**Work to complete:** Give back exactly the lines of the material below that start at the line containing "#52=CARTESIAN_POINT('',(0.,0.,0.));" and end at the line containing "#88=DIRECTION('',(0.,0.,-1.));", and no others.

**Records shown:**
↓↓↓

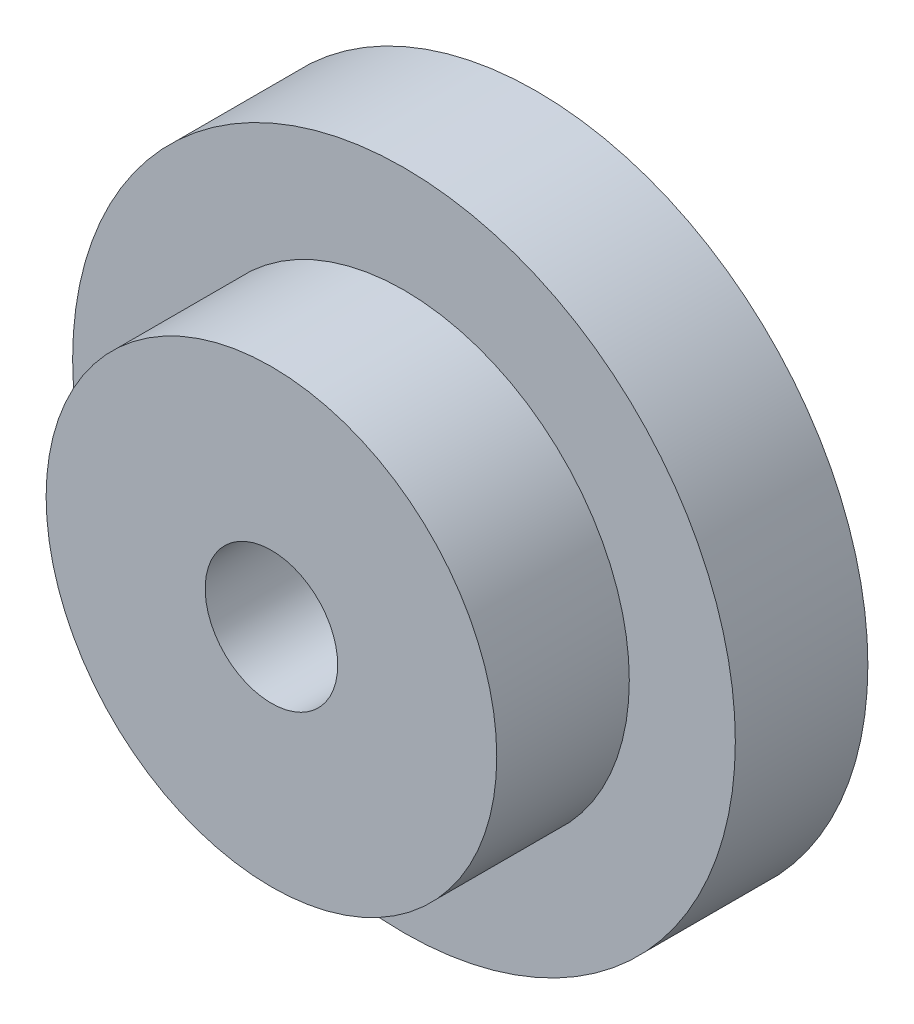
ISO-10303-21;
HEADER;
FILE_DESCRIPTION(('STEP AP214'),'2;1');
FILE_NAME('part.step','',(''),(''),'','','');
FILE_SCHEMA(('AUTOMOTIVE_DESIGN { 1 0 10303 214 1 1 1 1 }'));
ENDSEC;
DATA;
#1=APPLICATION_CONTEXT('core data for automotive mechanical design processes');
#2=APPLICATION_PROTOCOL_DEFINITION('international standard','automotive_design',2000,#1);
#3=PRODUCT_CONTEXT('',#1,'mechanical');
#4=PRODUCT('Part','Part','',(#3));
#5=PRODUCT_RELATED_PRODUCT_CATEGORY('part','',(#4));
#6=PRODUCT_DEFINITION_FORMATION('','',#4);
#7=PRODUCT_DEFINITION_CONTEXT('part definition',#1,'design');
#8=PRODUCT_DEFINITION('design','',#6,#7);
#9=PRODUCT_DEFINITION_SHAPE('','',#8);
#10=(LENGTH_UNIT() NAMED_UNIT(*) SI_UNIT(.MILLI.,.METRE.));
#11=(NAMED_UNIT(*) PLANE_ANGLE_UNIT() SI_UNIT($,.RADIAN.));
#12=(NAMED_UNIT(*) SI_UNIT($,.STERADIAN.) SOLID_ANGLE_UNIT());
#13=UNCERTAINTY_MEASURE_WITH_UNIT(LENGTH_MEASURE(1.E-05),#10,'distance_accuracy_value','');
#14=(GEOMETRIC_REPRESENTATION_CONTEXT(3) GLOBAL_UNCERTAINTY_ASSIGNED_CONTEXT((#13)) GLOBAL_UNIT_ASSIGNED_CONTEXT((#10,
#11,#12)) REPRESENTATION_CONTEXT('',''));
#15=CARTESIAN_POINT('',(0.,0.,0.));
#16=DIRECTION('',(0.,0.,1.));
#17=DIRECTION('',(1.,0.,0.));
#18=AXIS2_PLACEMENT_3D('',#15,#16,#17);
#19=CARTESIAN_POINT('',(0.,0.,1.));
#20=DIRECTION('',(0.,0.,1.));
#21=DIRECTION('',(1.,0.,0.));
#22=AXIS2_PLACEMENT_3D('',#19,#20,#21);
#23=PLANE('',#22);
#24=CARTESIAN_POINT('',(0.,0.,1.));
#25=DIRECTION('',(0.,0.,1.));
#26=DIRECTION('',(1.,0.,0.));
#27=AXIS2_PLACEMENT_3D('',#24,#25,#26);
#28=CIRCLE('',#27,1.7);
#29=CARTESIAN_POINT('',(1.7,0.,1.));
#30=VERTEX_POINT('',#29);
#31=EDGE_CURVE('E10',#30,#30,#28,.T.);
#32=ORIENTED_EDGE('',*,*,#31,.F.);
#33=EDGE_LOOP('',(#32));
#34=FACE_BOUND('',#33,.T.);
#35=CARTESIAN_POINT('',(0.,0.,1.));
#36=DIRECTION('',(0.,0.,1.));
#37=DIRECTION('',(1.,0.,0.));
#38=AXIS2_PLACEMENT_3D('',#35,#36,#37);
#39=CIRCLE('',#38,2.5);
#40=CARTESIAN_POINT('',(2.5,0.,1.));
#41=VERTEX_POINT('',#40);
#42=EDGE_CURVE('E44',#41,#41,#39,.T.);
#43=ORIENTED_EDGE('',*,*,#42,.T.);
#44=EDGE_LOOP('',(#43));
#45=FACE_BOUND('',#44,.T.);
#46=ADVANCED_FACE('F36',(#34,#45),#23,.T.);
#47=CARTESIAN_POINT('',(0.,0.,0.));
#48=DIRECTION('',(0.,0.,1.));
#49=DIRECTION('',(1.,0.,0.));
#50=AXIS2_PLACEMENT_3D('',#47,#48,#49);
#51=PLANE('',#50);
#52=CARTESIAN_POINT('',(0.,0.,0.));
#53=DIRECTION('',(0.,0.,1.));
#54=DIRECTION('',(1.,0.,0.));
#55=AXIS2_PLACEMENT_3D('',#52,#53,#54);
#56=CIRCLE('',#55,2.5);
#57=CARTESIAN_POINT('',(2.5,0.,0.));
#58=VERTEX_POINT('',#57);
#59=EDGE_CURVE('E40',#58,#58,#56,.T.);
#60=ORIENTED_EDGE('',*,*,#59,.F.);
#61=EDGE_LOOP('',(#60));
#62=FACE_BOUND('',#61,.T.);
#63=CARTESIAN_POINT('',(0.,0.,0.));
#64=DIRECTION('',(0.,0.,1.));
#65=DIRECTION('',(1.,0.,0.));
#66=AXIS2_PLACEMENT_3D('',#63,#64,#65);
#67=CIRCLE('',#66,0.5);
#68=CARTESIAN_POINT('',(0.5,0.,0.));
#69=VERTEX_POINT('',#68);
#70=EDGE_CURVE('E53',#69,#69,#67,.T.);
#71=ORIENTED_EDGE('',*,*,#70,.T.);
#72=EDGE_LOOP('',(#71));
#73=FACE_BOUND('',#72,.T.);
#74=ADVANCED_FACE('F80',(#62,#73),#51,.F.);
#75=CARTESIAN_POINT('',(0.,0.,1.));
#76=DIRECTION('',(0.,0.,-1.));
#77=DIRECTION('',(-1.,0.,0.));
#78=AXIS2_PLACEMENT_3D('',#75,#76,#77);
#79=CYLINDRICAL_SURFACE('',#78,2.5);
#80=ORIENTED_EDGE('',*,*,#42,.F.);
#81=EDGE_LOOP('',(#80));
#82=FACE_BOUND('',#81,.T.);
#83=ORIENTED_EDGE('',*,*,#59,.T.);
#84=EDGE_LOOP('',(#83));
#85=FACE_BOUND('',#84,.T.);
#86=ADVANCED_FACE('F38',(#82,#85),#79,.T.);
#87=CARTESIAN_POINT('',(0.,0.,1.));
#88=DIRECTION('',(0.,0.,-1.));
#89=DIRECTION('',(-1.,0.,0.));
#90=AXIS2_PLACEMENT_3D('',#87,#88,#89);
#91=CYLINDRICAL_SURFACE('',#90,0.5);
#92=ORIENTED_EDGE('',*,*,#70,.F.);
#93=EDGE_LOOP('',(#92));
#94=FACE_BOUND('',#93,.T.);
#95=CARTESIAN_POINT('',(0.,0.,2.));
#96=DIRECTION('',(0.,0.,1.));
#97=DIRECTION('',(1.,0.,0.));
#98=AXIS2_PLACEMENT_3D('',#95,#96,#97);
#99=CIRCLE('',#98,0.5);
#100=CARTESIAN_POINT('',(0.5,0.,2.));
#101=VERTEX_POINT('',#100);
#102=EDGE_CURVE('E59',#101,#101,#99,.T.);
#103=ORIENTED_EDGE('',*,*,#102,.T.);
#104=EDGE_LOOP('',(#103));
#105=FACE_BOUND('',#104,.T.);
#106=ADVANCED_FACE('F65',(#94,#105),#91,.F.);
#107=CARTESIAN_POINT('',(0.,0.,2.));
#108=DIRECTION('',(0.,0.,1.));
#109=DIRECTION('',(1.,0.,0.));
#110=AXIS2_PLACEMENT_3D('',#107,#108,#109);
#111=PLANE('',#110);
#112=CARTESIAN_POINT('',(0.,0.,2.));
#113=DIRECTION('',(0.,0.,1.));
#114=DIRECTION('',(1.,0.,0.));
#115=AXIS2_PLACEMENT_3D('',#112,#113,#114);
#116=CIRCLE('',#115,1.7);
#117=CARTESIAN_POINT('',(1.7,0.,2.));
#118=VERTEX_POINT('',#117);
#119=EDGE_CURVE('E51',#118,#118,#116,.T.);
#120=ORIENTED_EDGE('',*,*,#119,.T.);
#121=EDGE_LOOP('',(#120));
#122=FACE_BOUND('',#121,.T.);
#123=ORIENTED_EDGE('',*,*,#102,.F.);
#124=EDGE_LOOP('',(#123));
#125=FACE_BOUND('',#124,.T.);
#126=ADVANCED_FACE('F67',(#122,#125),#111,.T.);
#127=CARTESIAN_POINT('',(0.,0.,2.));
#128=DIRECTION('',(0.,0.,-1.));
#129=DIRECTION('',(-1.,0.,0.));
#130=AXIS2_PLACEMENT_3D('',#127,#128,#129);
#131=CYLINDRICAL_SURFACE('',#130,1.7);
#132=ORIENTED_EDGE('',*,*,#119,.F.);
#133=EDGE_LOOP('',(#132));
#134=FACE_BOUND('',#133,.T.);
#135=ORIENTED_EDGE('',*,*,#31,.T.);
#136=EDGE_LOOP('',(#135));
#137=FACE_BOUND('',#136,.T.);
#138=ADVANCED_FACE('F69',(#134,#137),#131,.T.);
#139=CLOSED_SHELL('',(#46,#74,#86,#106,#126,#138));
#140=MANIFOLD_SOLID_BREP('B2',#139);
#141=ADVANCED_BREP_SHAPE_REPRESENTATION('',(#18,#140),#14);
#142=SHAPE_DEFINITION_REPRESENTATION(#9,#141);
ENDSEC;
END-ISO-10303-21;

↑↑↑

**Response to this task:**
#52=CARTESIAN_POINT('',(0.,0.,0.));
#53=DIRECTION('',(0.,0.,1.));
#54=DIRECTION('',(1.,0.,0.));
#55=AXIS2_PLACEMENT_3D('',#52,#53,#54);
#56=CIRCLE('',#55,2.5);
#57=CARTESIAN_POINT('',(2.5,0.,0.));
#58=VERTEX_POINT('',#57);
#59=EDGE_CURVE('E40',#58,#58,#56,.T.);
#60=ORIENTED_EDGE('',*,*,#59,.F.);
#61=EDGE_LOOP('',(#60));
#62=FACE_BOUND('',#61,.T.);
#63=CARTESIAN_POINT('',(0.,0.,0.));
#64=DIRECTION('',(0.,0.,1.));
#65=DIRECTION('',(1.,0.,0.));
#66=AXIS2_PLACEMENT_3D('',#63,#64,#65);
#67=CIRCLE('',#66,0.5);
#68=CARTESIAN_POINT('',(0.5,0.,0.));
#69=VERTEX_POINT('',#68);
#70=EDGE_CURVE('E53',#69,#69,#67,.T.);
#71=ORIENTED_EDGE('',*,*,#70,.T.);
#72=EDGE_LOOP('',(#71));
#73=FACE_BOUND('',#72,.T.);
#74=ADVANCED_FACE('F80',(#62,#73),#51,.F.);
#75=CARTESIAN_POINT('',(0.,0.,1.));
#76=DIRECTION('',(0.,0.,-1.));
#77=DIRECTION('',(-1.,0.,0.));
#78=AXIS2_PLACEMENT_3D('',#75,#76,#77);
#79=CYLINDRICAL_SURFACE('',#78,2.5);
#80=ORIENTED_EDGE('',*,*,#42,.F.);
#81=EDGE_LOOP('',(#80));
#82=FACE_BOUND('',#81,.T.);
#83=ORIENTED_EDGE('',*,*,#59,.T.);
#84=EDGE_LOOP('',(#83));
#85=FACE_BOUND('',#84,.T.);
#86=ADVANCED_FACE('F38',(#82,#85),#79,.T.);
#87=CARTESIAN_POINT('',(0.,0.,1.));
#88=DIRECTION('',(0.,0.,-1.));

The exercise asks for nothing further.